Leetcode(105)

这个题我看到网上有一个很优美的解法，是利用static variable来做的，因为preorder的第一个元素一定是子树的根，同时，下一个元素一定是左子树的根。以此类推。接下来我们在inorder中寻找这个元素对应的位置，那么从start到这个点是左子树，从这个点到end是右子树。这是一个递归的方法。

这个做法非常好，唯一而且是致命的缺点是static变量只能初始化一次，所以这个函数只能运行一次。很尴尬。正确答案如下：

TreeNode *buildTree(vector<int> &preorder, vector<int> &inorder) {
    return create(preorder, inorder, 0, preorder.size() - 1, 0, inorder.size() - 1);
}

TreeNode* create(vector<int>& preorder, vector<int>& inorder, int ps, int pe, int is, int ie){
    if(ps > pe){
        return nullptr;
    }
    TreeNode* node = new TreeNode(preorder[ps]);
    int pos;
    for(int i = is; i <= ie; i++){
        if(inorder[i] == node->val){
            pos = i;
            break;
        }
    }
    node->left = create(preorder, inorder, ps + 1, ps + pos - is, is, pos - 1);
    node->right = create(preorder, inorder, pe - ie + pos + 1, pe, pos + 1, ie);
    return node;
}

Let me explain the coordinates in the recursion.

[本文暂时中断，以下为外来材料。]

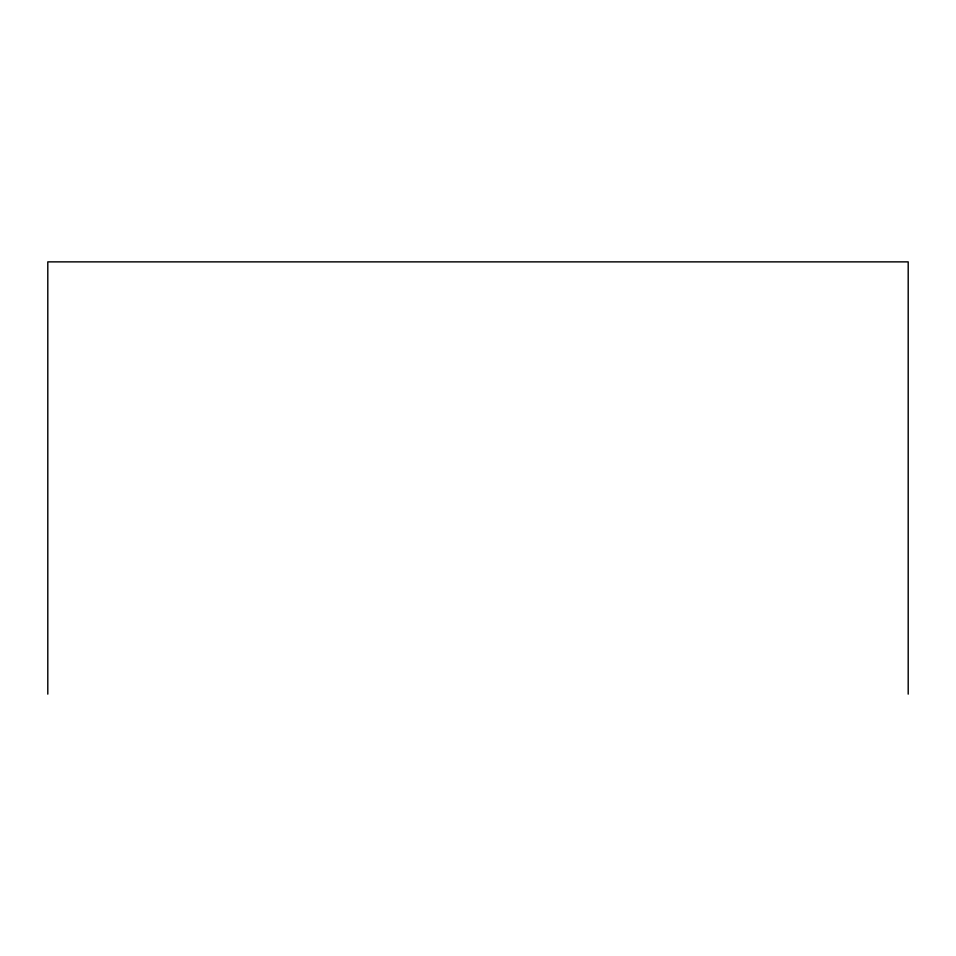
<?xml version="1.0" encoding="UTF-8"?>
<svg xmlns="http://www.w3.org/2000/svg" width="956" height="956" viewBox="0 0 956 956"><rect width="100%" height="100%" fill="white"/><g stroke="black" fill="none" stroke-linecap="round" stroke-linejoin="round"><path stroke-width="1.43" d="M908.2 694.128L908.2 261.872L47.8 261.872L47.8 694.128"/></g></svg>

Very simply, we can see that the inorder traversal is divided into two parts, [is, pos-1] and [pos+1, ie] according to the root node pointed by pos.The first part contains pos – is elements, and the second part has ie- (pos +1)+1 = ie – pos elements.
Correspondingly, in preorder traversal, the elements in the [ps+1, ps+pos – is] intervals belong to the left subtree, and the elements in the [pe – (ie – pos)+1, pe] interval belong to the right subtree.